Il fine settimana a Monaco di Charles Leclerc è iniziato con un bloccaggio, appena sceso in pista nelle FP1, ed è finito nel muro della Anthony Noghes, al 67esimo giro della gara. Un incubo vissuto tra le stradine di casa sua, quelle che l’avevano fatto esplodere di gioia nel 2024 ma che tante volte l’avevano visto lasciare il circuito a testa bassa. Perché tra Leclerc e il GP del Principato c’è, da sempre, uno strano rapporto.
Un amore spesso ricambiato con duri colpi da incassare. Stavolta è successa la stessa cosa, in un weekend passato a lottare contro la sua stessa Ferrari. Il problema è uno solo, i freni, come aveva già ripetuto al termine del venerdì e del sabato, peraltro chiuso in barriera esattamente come la domenica. Anzi, come aveva già spiegato una volta concluso il Gran Premio a Montreal.
E no, dietro l’incidente che l’ha visto tornare ai box come una furia non c’entra niente l’asfalto del tracciato, che poco prima dell’ultima curva è stato letteralmente mangiato dai passaggi ripetuti delle monoposto, tanto da costringere la direzione gara a esporre la bandiera rossa e a mettere in dubbio la ripartenza della corsa.
“Su quattro freni, tre non funzionavano”, spiega Charles ai media in circuito, come riportato da Automoto.it. “In una vettura di F1 non è mai una bella cosa. L’anteriore sinistro funzionava bene, l’anteriore destro a metà e i due freni posteriori non funzionavano affatto. Quando dico ‘affatto’, intendo che dai dati non c’era alcuna decelerazione. Erano come le pinze di una macchina nuova ancora da rodare. Quindi sì, è stato un problema non da poco. È stato un incubo”.
Parole nette, per certi versi drammatiche. Eppure, qualcuno potrebbe chiedersi perché, fino a quel momento, il monegasco avesse corso e anche bene, incollato agli scarichi della SF-26 di Lewis Hamilton. La risposta, sta tutta nella finestra di temperatura dei freni stessi: “Finché giravo con costanza, il problema non si presentava, o almeno non a questo livello. Il vero problema è stato la Safety Car. Non appena siamo entrati in regime di Safety Car, tre dei miei quattro freni hanno smesso di funzionare. Non sono più riuscito a riaccenderli, non funzionava più nulla. Ho provato a fare diverse manovre dall’abitacolo per cercare di risolvere la situazione, ma non c’era niente da fare. L’unica soluzione rimasta sarebbe stata non frenare all’ultima curva, ma sarei andato a sbattere alla prima. Non c’era modo di farlo, non c’era semplicemente una soluzione”.

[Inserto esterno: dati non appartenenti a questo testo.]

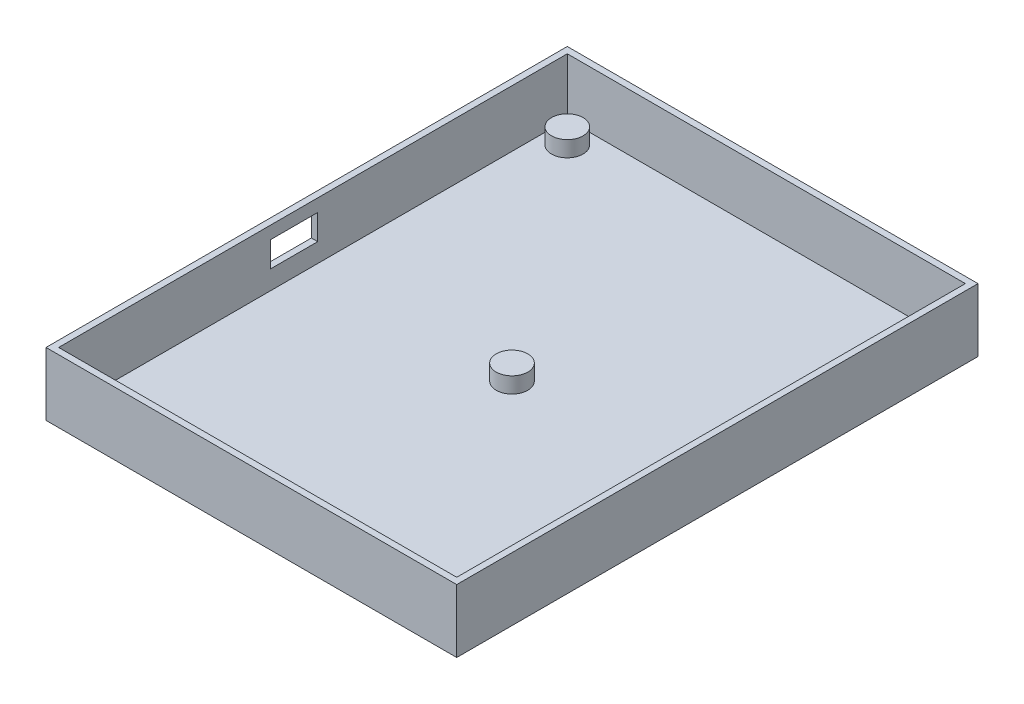
ISO-10303-21;
HEADER;
FILE_DESCRIPTION(('STEP AP214'),'2;1');
FILE_NAME('part.step','',(''),(''),'','','');
FILE_SCHEMA(('AUTOMOTIVE_DESIGN { 1 0 10303 214 1 1 1 1 }'));
ENDSEC;
DATA;
#1=APPLICATION_CONTEXT('core data for automotive mechanical design processes');
#2=APPLICATION_PROTOCOL_DEFINITION('international standard','automotive_design',2000,#1);
#3=PRODUCT_CONTEXT('',#1,'mechanical');
#4=PRODUCT('Part','Part','',(#3));
#5=PRODUCT_RELATED_PRODUCT_CATEGORY('part','',(#4));
#6=PRODUCT_DEFINITION_FORMATION('','',#4);
#7=PRODUCT_DEFINITION_CONTEXT('part definition',#1,'design');
#8=PRODUCT_DEFINITION('design','',#6,#7);
#9=PRODUCT_DEFINITION_SHAPE('','',#8);
#10=(LENGTH_UNIT() NAMED_UNIT(*) SI_UNIT(.MILLI.,.METRE.));
#11=(NAMED_UNIT(*) PLANE_ANGLE_UNIT() SI_UNIT($,.RADIAN.));
#12=(NAMED_UNIT(*) SI_UNIT($,.STERADIAN.) SOLID_ANGLE_UNIT());
#13=UNCERTAINTY_MEASURE_WITH_UNIT(LENGTH_MEASURE(1.E-05),#10,'distance_accuracy_value','');
#14=(GEOMETRIC_REPRESENTATION_CONTEXT(3) GLOBAL_UNCERTAINTY_ASSIGNED_CONTEXT((#13)) GLOBAL_UNIT_ASSIGNED_CONTEXT((#10,
#11,#12)) REPRESENTATION_CONTEXT('',''));
#15=CARTESIAN_POINT('',(0.,0.,0.));
#16=DIRECTION('',(0.,0.,1.));
#17=DIRECTION('',(1.,0.,0.));
#18=AXIS2_PLACEMENT_3D('',#15,#16,#17);
#19=CARTESIAN_POINT('',(32.5,10.,41.25));
#20=DIRECTION('',(-1.,0.,0.));
#21=DIRECTION('',(0.,0.,1.));
#22=AXIS2_PLACEMENT_3D('',#19,#20,#21);
#23=PLANE('',#22);
#24=DIRECTION('',(0.,0.,-1.));
#25=VECTOR('',#24,1.);
#26=CARTESIAN_POINT('',(32.5,0.,41.25));
#27=LINE('',#26,#25);
#28=CARTESIAN_POINT('',(32.5,0.,41.25));
#29=VERTEX_POINT('',#28);
#30=CARTESIAN_POINT('',(32.5,0.,-41.25));
#31=VERTEX_POINT('',#30);
#32=EDGE_CURVE('E212',#29,#31,#27,.T.);
#33=ORIENTED_EDGE('',*,*,#32,.T.);
#34=DIRECTION('',(0.,-1.,0.));
#35=VECTOR('',#34,1.);
#36=CARTESIAN_POINT('',(32.5,10.,-41.25));
#37=LINE('',#36,#35);
#38=CARTESIAN_POINT('',(32.5,10.,-41.25));
#39=VERTEX_POINT('',#38);
#40=EDGE_CURVE('E11',#39,#31,#37,.T.);
#41=ORIENTED_EDGE('',*,*,#40,.F.);
#42=DIRECTION('',(0.,0.,-1.));
#43=VECTOR('',#42,1.);
#44=CARTESIAN_POINT('',(32.5,10.,41.25));
#45=LINE('',#44,#43);
#46=CARTESIAN_POINT('',(32.5,10.,41.25));
#47=VERTEX_POINT('',#46);
#48=EDGE_CURVE('E219',#47,#39,#45,.T.);
#49=ORIENTED_EDGE('',*,*,#48,.F.);
#50=DIRECTION('',(0.,-1.,0.));
#51=VECTOR('',#50,1.);
#52=CARTESIAN_POINT('',(32.5,10.,41.25));
#53=LINE('',#52,#51);
#54=EDGE_CURVE('E229',#47,#29,#53,.T.);
#55=ORIENTED_EDGE('',*,*,#54,.T.);
#56=EDGE_LOOP('',(#33,#41,#49,#55));
#57=FACE_BOUND('',#56,.T.);
#58=ADVANCED_FACE('F32',(#57),#23,.F.);
#59=CARTESIAN_POINT('',(-32.5,10.,-41.25));
#60=DIRECTION('',(0.,0.,1.));
#61=DIRECTION('',(1.,0.,0.));
#62=AXIS2_PLACEMENT_3D('',#59,#60,#61);
#63=PLANE('',#62);
#64=DIRECTION('',(-1.,0.,0.));
#65=VECTOR('',#64,1.);
#66=CARTESIAN_POINT('',(-32.5,0.,-41.25));
#67=LINE('',#66,#65);
#68=CARTESIAN_POINT('',(-32.5,0.,-41.25));
#69=VERTEX_POINT('',#68);
#70=EDGE_CURVE('E232',#31,#69,#67,.T.);
#71=ORIENTED_EDGE('',*,*,#70,.T.);
#72=DIRECTION('',(0.,-1.,0.));
#73=VECTOR('',#72,1.);
#74=CARTESIAN_POINT('',(-32.5,10.,-41.25));
#75=LINE('',#74,#73);
#76=CARTESIAN_POINT('',(-32.5,10.,-41.25));
#77=VERTEX_POINT('',#76);
#78=EDGE_CURVE('E39',#77,#69,#75,.T.);
#79=ORIENTED_EDGE('',*,*,#78,.F.);
#80=DIRECTION('',(-1.,0.,0.));
#81=VECTOR('',#80,1.);
#82=CARTESIAN_POINT('',(-32.5,10.,-41.25));
#83=LINE('',#82,#81);
#84=EDGE_CURVE('E222',#39,#77,#83,.T.);
#85=ORIENTED_EDGE('',*,*,#84,.F.);
#86=ORIENTED_EDGE('',*,*,#40,.T.);
#87=EDGE_LOOP('',(#71,#79,#85,#86));
#88=FACE_BOUND('',#87,.T.);
#89=ADVANCED_FACE('F262',(#88),#63,.F.);
#90=CARTESIAN_POINT('',(-32.5,10.,41.25));
#91=DIRECTION('',(1.,0.,0.));
#92=DIRECTION('',(0.,0.,-1.));
#93=AXIS2_PLACEMENT_3D('',#90,#91,#92);
#94=PLANE('',#93);
#95=DIRECTION('',(0.,0.,1.));
#96=VECTOR('',#95,1.);
#97=CARTESIAN_POINT('',(-32.5,4.,-0.750000000000008));
#98=LINE('',#97,#96);
#99=CARTESIAN_POINT('',(-32.5,4.,-0.750000000000008));
#100=VERTEX_POINT('',#99);
#101=CARTESIAN_POINT('',(-32.5,4.,6.74999999999999));
#102=VERTEX_POINT('',#101);
#103=EDGE_CURVE('E147',#100,#102,#98,.T.);
#104=ORIENTED_EDGE('',*,*,#103,.F.);
#105=DIRECTION('',(0.,-1.,0.));
#106=VECTOR('',#105,1.);
#107=CARTESIAN_POINT('',(-32.5,8.,-0.750000000000008));
#108=LINE('',#107,#106);
#109=CARTESIAN_POINT('',(-32.5,8.,-0.750000000000008));
#110=VERTEX_POINT('',#109);
#111=EDGE_CURVE('E46',#110,#100,#108,.T.);
#112=ORIENTED_EDGE('',*,*,#111,.F.);
#113=DIRECTION('',(0.,0.,-1.));
#114=VECTOR('',#113,1.);
#115=CARTESIAN_POINT('',(-32.5,8.,-0.750000000000008));
#116=LINE('',#115,#114);
#117=CARTESIAN_POINT('',(-32.5,8.,6.74999999999999));
#118=VERTEX_POINT('',#117);
#119=EDGE_CURVE('E138',#118,#110,#116,.T.);
#120=ORIENTED_EDGE('',*,*,#119,.F.);
#121=DIRECTION('',(0.,1.,0.));
#122=VECTOR('',#121,1.);
#123=CARTESIAN_POINT('',(-32.5,8.,6.74999999999999));
#124=LINE('',#123,#122);
#125=EDGE_CURVE('E141',#102,#118,#124,.T.);
#126=ORIENTED_EDGE('',*,*,#125,.F.);
#127=EDGE_LOOP('',(#104,#112,#120,#126));
#128=FACE_BOUND('',#127,.T.);
#129=DIRECTION('',(0.,0.,1.));
#130=VECTOR('',#129,1.);
#131=CARTESIAN_POINT('',(-32.5,0.,41.25));
#132=LINE('',#131,#130);
#133=CARTESIAN_POINT('',(-32.5,0.,41.25));
#134=VERTEX_POINT('',#133);
#135=EDGE_CURVE('E234',#69,#134,#132,.T.);
#136=ORIENTED_EDGE('',*,*,#135,.T.);
#137=DIRECTION('',(0.,-1.,0.));
#138=VECTOR('',#137,1.);
#139=CARTESIAN_POINT('',(-32.5,10.,41.25));
#140=LINE('',#139,#138);
#141=CARTESIAN_POINT('',(-32.5,10.,41.25));
#142=VERTEX_POINT('',#141);
#143=EDGE_CURVE('E239',#142,#134,#140,.T.);
#144=ORIENTED_EDGE('',*,*,#143,.F.);
#145=DIRECTION('',(0.,0.,1.));
#146=VECTOR('',#145,1.);
#147=CARTESIAN_POINT('',(-32.5,10.,41.25));
#148=LINE('',#147,#146);
#149=EDGE_CURVE('E225',#77,#142,#148,.T.);
#150=ORIENTED_EDGE('',*,*,#149,.F.);
#151=ORIENTED_EDGE('',*,*,#78,.T.);
#152=EDGE_LOOP('',(#136,#144,#150,#151));
#153=FACE_BOUND('',#152,.T.);
#154=ADVANCED_FACE('F246',(#128,#153),#94,.F.);
#155=CARTESIAN_POINT('',(-32.5,10.,41.25));
#156=DIRECTION('',(0.,0.,-1.));
#157=DIRECTION('',(-1.,0.,0.));
#158=AXIS2_PLACEMENT_3D('',#155,#156,#157);
#159=PLANE('',#158);
#160=DIRECTION('',(1.,0.,0.));
#161=VECTOR('',#160,1.);
#162=CARTESIAN_POINT('',(-32.5,0.,41.25));
#163=LINE('',#162,#161);
#164=EDGE_CURVE('E223',#134,#29,#163,.T.);
#165=ORIENTED_EDGE('',*,*,#164,.T.);
#166=ORIENTED_EDGE('',*,*,#54,.F.);
#167=DIRECTION('',(1.,0.,0.));
#168=VECTOR('',#167,1.);
#169=CARTESIAN_POINT('',(-32.5,10.,41.25));
#170=LINE('',#169,#168);
#171=EDGE_CURVE('E227',#142,#47,#170,.T.);
#172=ORIENTED_EDGE('',*,*,#171,.F.);
#173=ORIENTED_EDGE('',*,*,#143,.T.);
#174=EDGE_LOOP('',(#165,#166,#172,#173));
#175=FACE_BOUND('',#174,.T.);
#176=ADVANCED_FACE('F255',(#175),#159,.F.);
#177=CARTESIAN_POINT('',(0.,10.,0.));
#178=DIRECTION('',(0.,-1.,0.));
#179=DIRECTION('',(0.,0.,-1.));
#180=AXIS2_PLACEMENT_3D('',#177,#178,#179);
#181=PLANE('',#180);
#182=DIRECTION('',(0.,0.,1.));
#183=VECTOR('',#182,1.);
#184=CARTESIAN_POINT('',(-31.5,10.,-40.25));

La delusione è palpabile, con il monegasco incredulo una volta rientrato ai box. E a chi gli chiede un giudizio sul “pasticcio” del muretto Ferrari in occasione della prima Safety Car, quando aveva chiesto di rimanere fuori per sopravanzare Hamilton che al pit avrebbe dovuto scontare cinque secondi di penalità, richiesta non ascoltata dalla Scuderia, lui risponde netto: “Onestamente, non credo che questa debba essere la storia della giornata. Dobbiamo solo trovare una soluzione per i nostri freni perché quando queste cose saranno sistemate sarò in grado di fare il mio lavoro correttamente. Oggi ero solo un passeggero. Non ci sono divergenze d’opinione. Ho parlato con Fred e Jerome, poi hanno guardato i dati ed è tutto molto chiaro per tutti. Non credo ci sia alcun dubbio”.
Continua a sottolinearlo, parlando di una situazione mai vissuta nella propria carriera: “Non a questo livello. Sicuramente a volte le cose si fanno complicate, ma oggi era proprio impossibile fare una curva”. Tutte difficoltà che si erano viste anche in qualifica, più volte vicino a quell’errore arrivato poi all’ultimo tentativo in Q3 mentre, nonostante tutto, stava realizzando un giro monstre.
Di questa storia c’è solo un aspetto positivo, che oltretutto potrebbe spiegare la differenza che negli ultimi due fine settimana si è vista tra lui ed Hamilton, al contrario super in forma: “Sappiamo da dove deriva il problema. Abbiamo una soluzione in casa e passerò alla configurazione di Lewis per la prossima gara, il che spero sarà un passo avanti. L’unico aspetto positivo da portare a casa da questo weekend? Che avrò una soluzione per i freni la prossima settimana. Tutto qui”.
È stato un errore, o forse no. Di sicuro, quello di Monaco per Leclerc è un weekend da cancellare.